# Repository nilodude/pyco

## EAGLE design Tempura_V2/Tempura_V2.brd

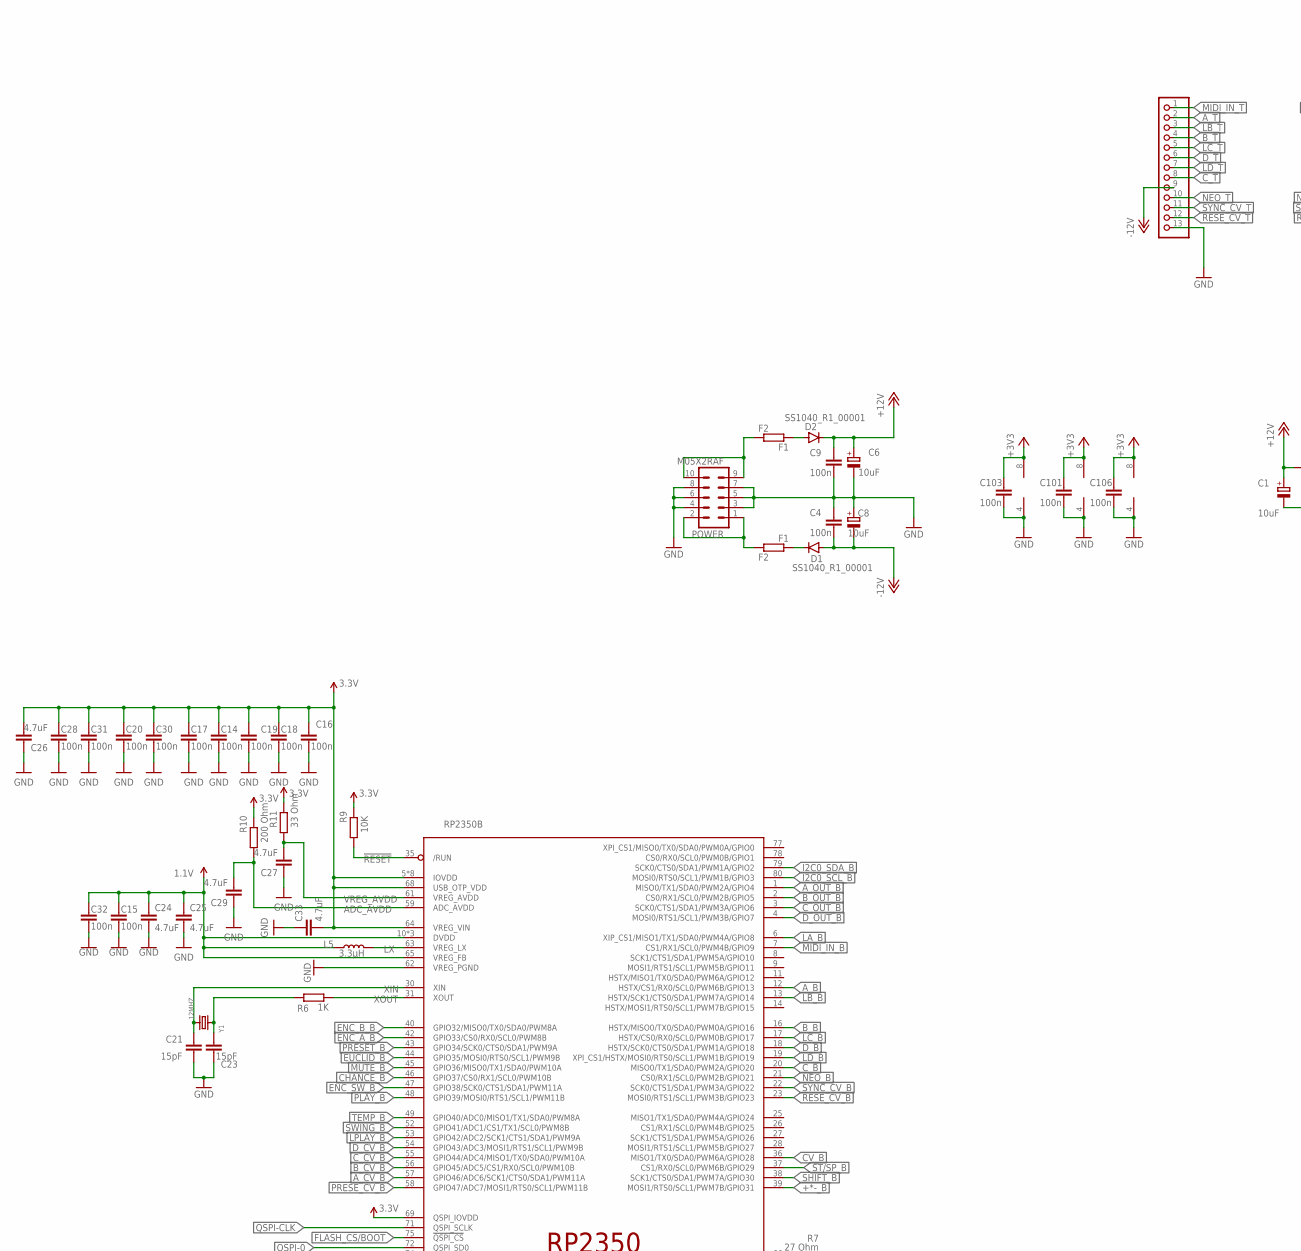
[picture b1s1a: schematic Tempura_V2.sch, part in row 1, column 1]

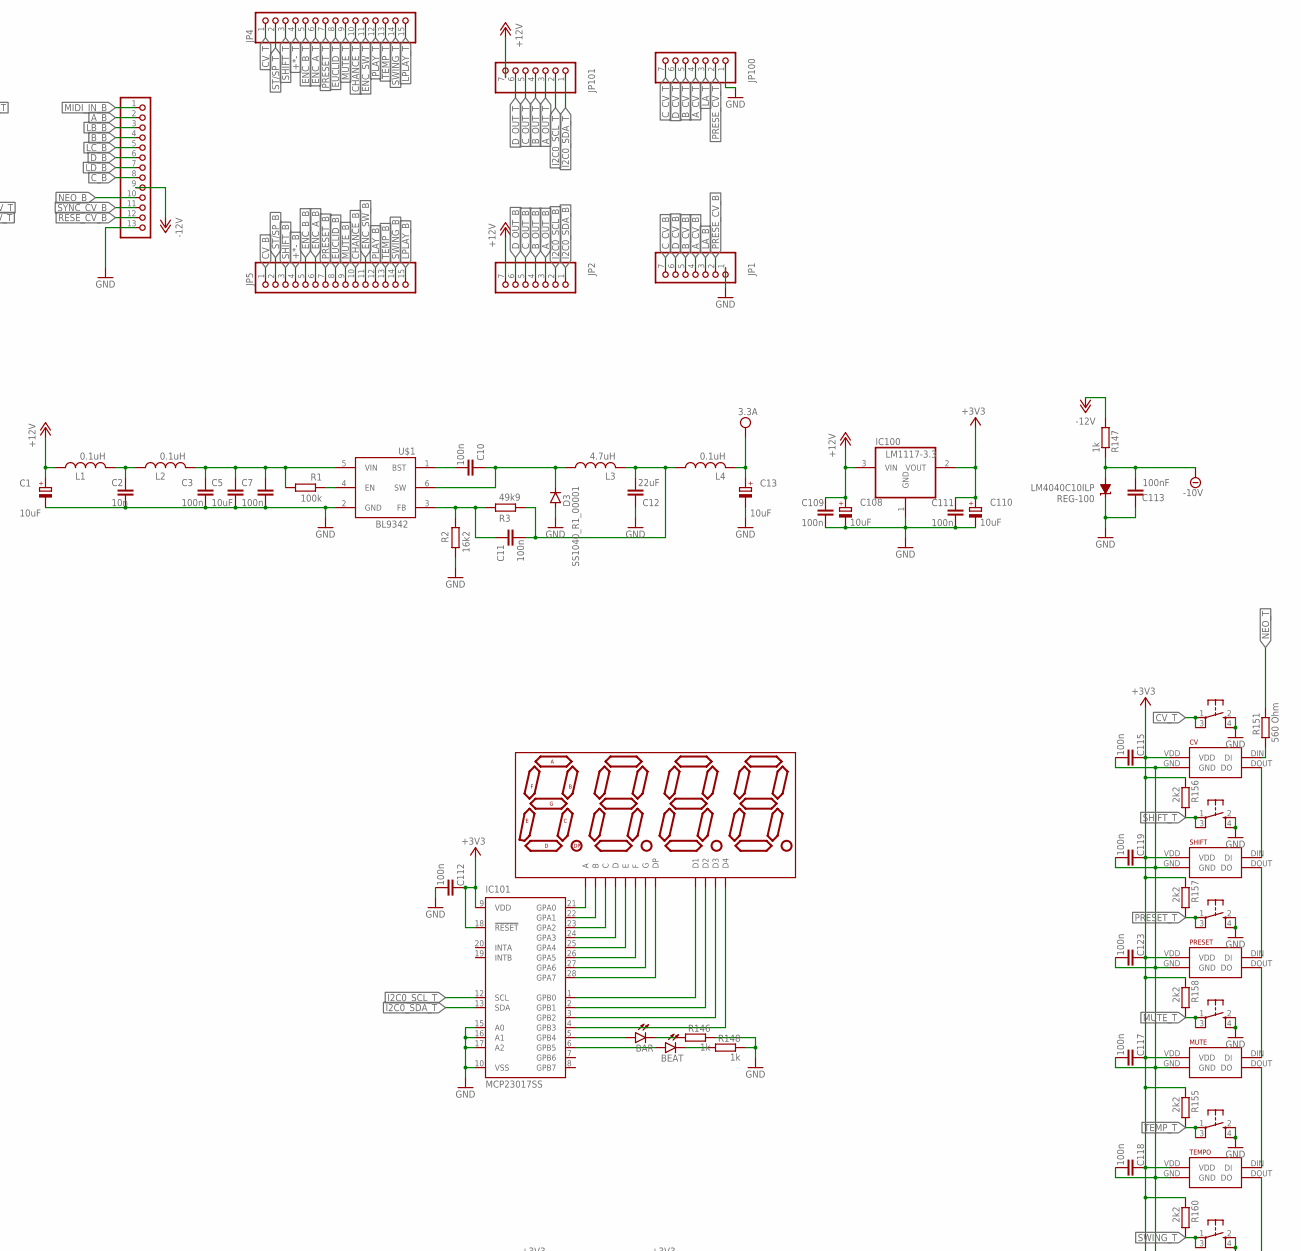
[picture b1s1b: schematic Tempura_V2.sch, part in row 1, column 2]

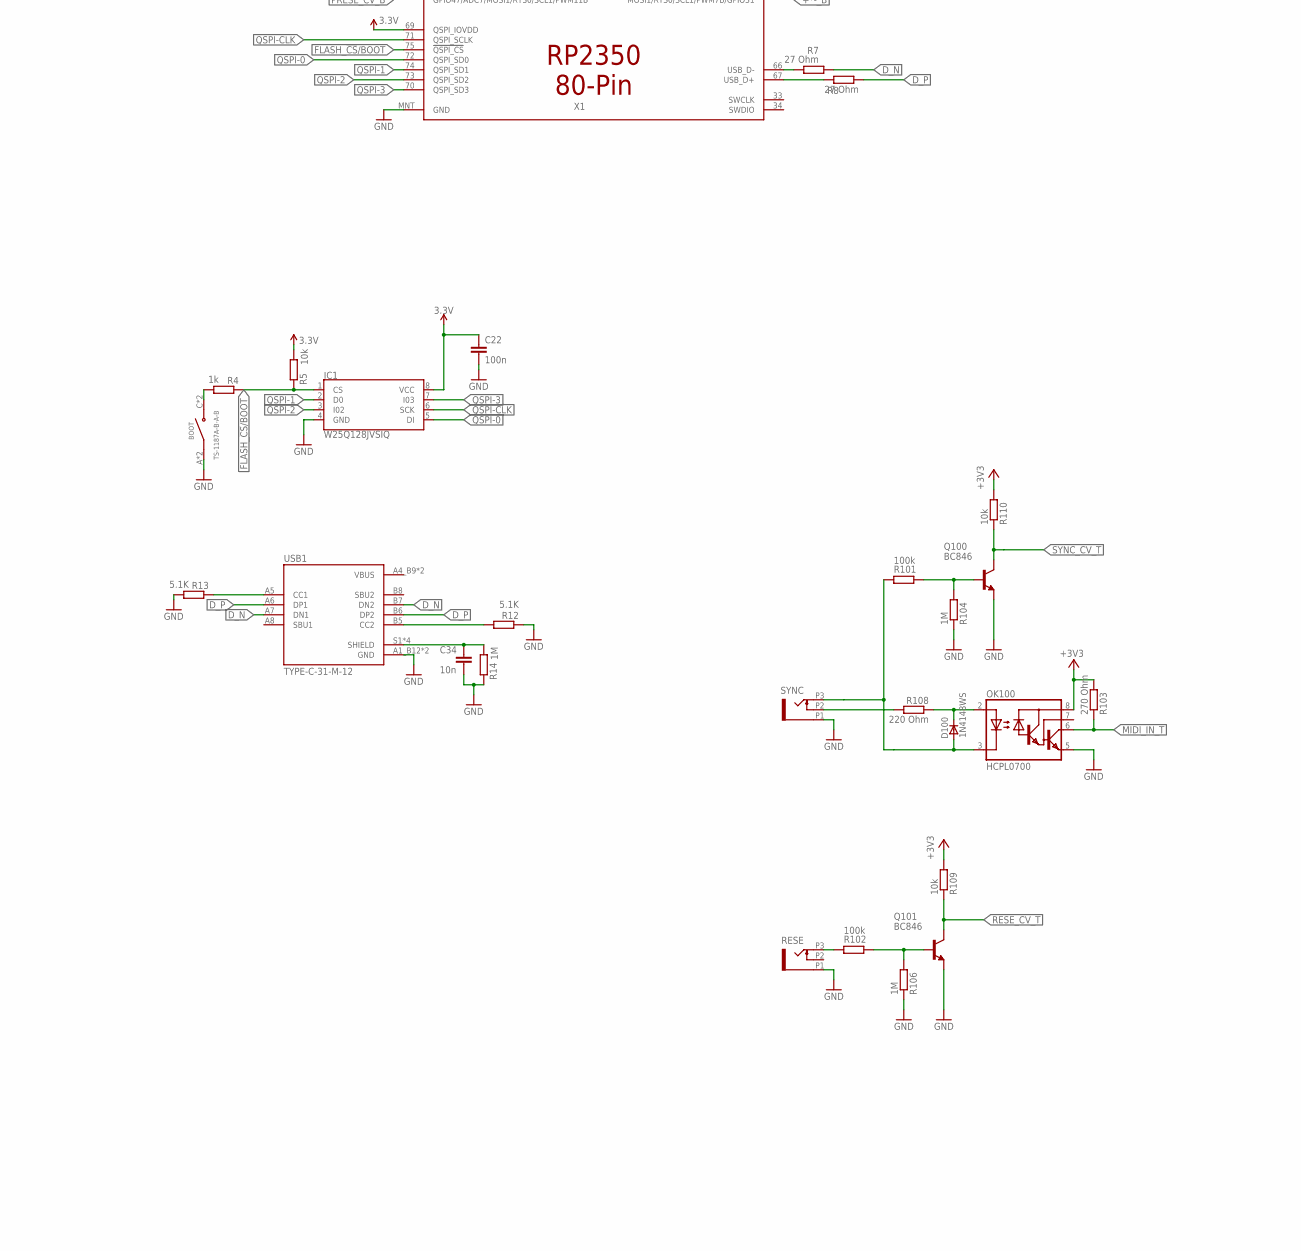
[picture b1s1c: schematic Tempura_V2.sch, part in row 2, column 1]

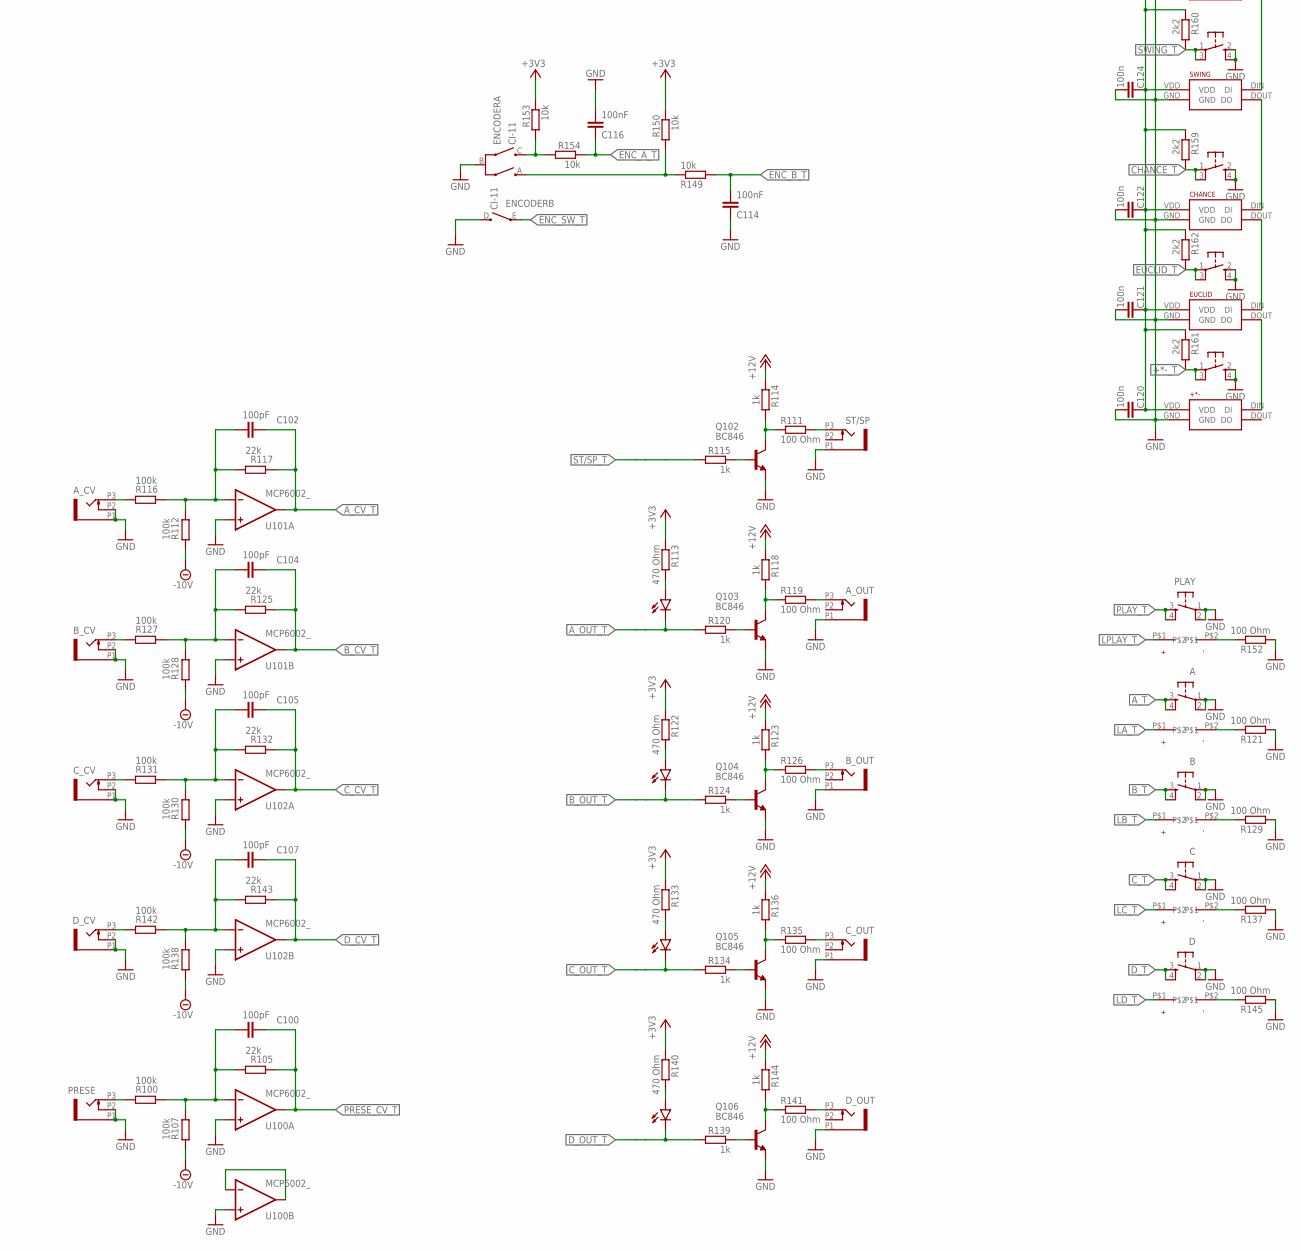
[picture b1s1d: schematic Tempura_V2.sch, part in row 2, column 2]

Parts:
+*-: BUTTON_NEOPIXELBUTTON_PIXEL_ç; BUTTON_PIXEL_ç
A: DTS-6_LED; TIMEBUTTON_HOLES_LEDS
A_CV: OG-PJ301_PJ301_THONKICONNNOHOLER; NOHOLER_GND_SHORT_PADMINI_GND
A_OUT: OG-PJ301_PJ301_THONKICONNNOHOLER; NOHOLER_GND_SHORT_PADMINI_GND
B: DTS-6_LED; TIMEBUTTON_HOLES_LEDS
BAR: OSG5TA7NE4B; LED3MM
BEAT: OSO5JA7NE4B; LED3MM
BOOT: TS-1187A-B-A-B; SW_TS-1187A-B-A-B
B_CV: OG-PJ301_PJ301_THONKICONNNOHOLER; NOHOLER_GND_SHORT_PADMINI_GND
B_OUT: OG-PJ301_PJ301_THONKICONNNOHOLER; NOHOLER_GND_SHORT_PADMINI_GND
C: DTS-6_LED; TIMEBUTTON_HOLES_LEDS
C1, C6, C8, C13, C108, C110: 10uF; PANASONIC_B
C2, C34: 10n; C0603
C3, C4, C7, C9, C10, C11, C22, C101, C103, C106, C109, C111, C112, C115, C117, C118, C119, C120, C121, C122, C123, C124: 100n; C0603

## What is being asked
Write out each entry exactly as given, but skip the pictures.

## Response box
# Repository nilodude/pyco

## EAGLE design Tempura_V2/Tempura_V2.brd

[picture b1s1a: schematic Tempura_V2.sch, part in row 1, column 1]

[picture b1s1b: schematic Tempura_V2.sch, part in row 1, column 2]

[picture b1s1c: schematic Tempura_V2.sch, part in row 2, column 1]

[picture b1s1d: schematic Tempura_V2.sch, part in row 2, column 2]

Parts:
+*-: BUTTON_NEOPIXELBUTTON_PIXEL_ç; BUTTON_PIXEL_ç
A: DTS-6_LED; TIMEBUTTON_HOLES_LEDS
A_CV: OG-PJ301_PJ301_THONKICONNNOHOLER; NOHOLER_GND_SHORT_PADMINI_GND
A_OUT: OG-PJ301_PJ301_THONKICONNNOHOLER; NOHOLER_GND_SHORT_PADMINI_GND
B: DTS-6_LED; TIMEBUTTON_HOLES_LEDS
BAR: OSG5TA7NE4B; LED3MM
BEAT: OSO5JA7NE4B; LED3MM
BOOT: TS-1187A-B-A-B; SW_TS-1187A-B-A-B
B_CV: OG-PJ301_PJ301_THONKICONNNOHOLER; NOHOLER_GND_SHORT_PADMINI_GND
B_OUT: OG-PJ301_PJ301_THONKICONNNOHOLER; NOHOLER_GND_SHORT_PADMINI_GND
C: DTS-6_LED; TIMEBUTTON_HOLES_LEDS
C1, C6, C8, C13, C108, C110: 10uF; PANASONIC_B
C2, C34: 10n; C0603
C3, C4, C7, C9, C10, C11, C22, C101, C103, C106, C109, C111, C112, C115, C117, C118, C119, C120, C121, C122, C123, C124: 100n; C0603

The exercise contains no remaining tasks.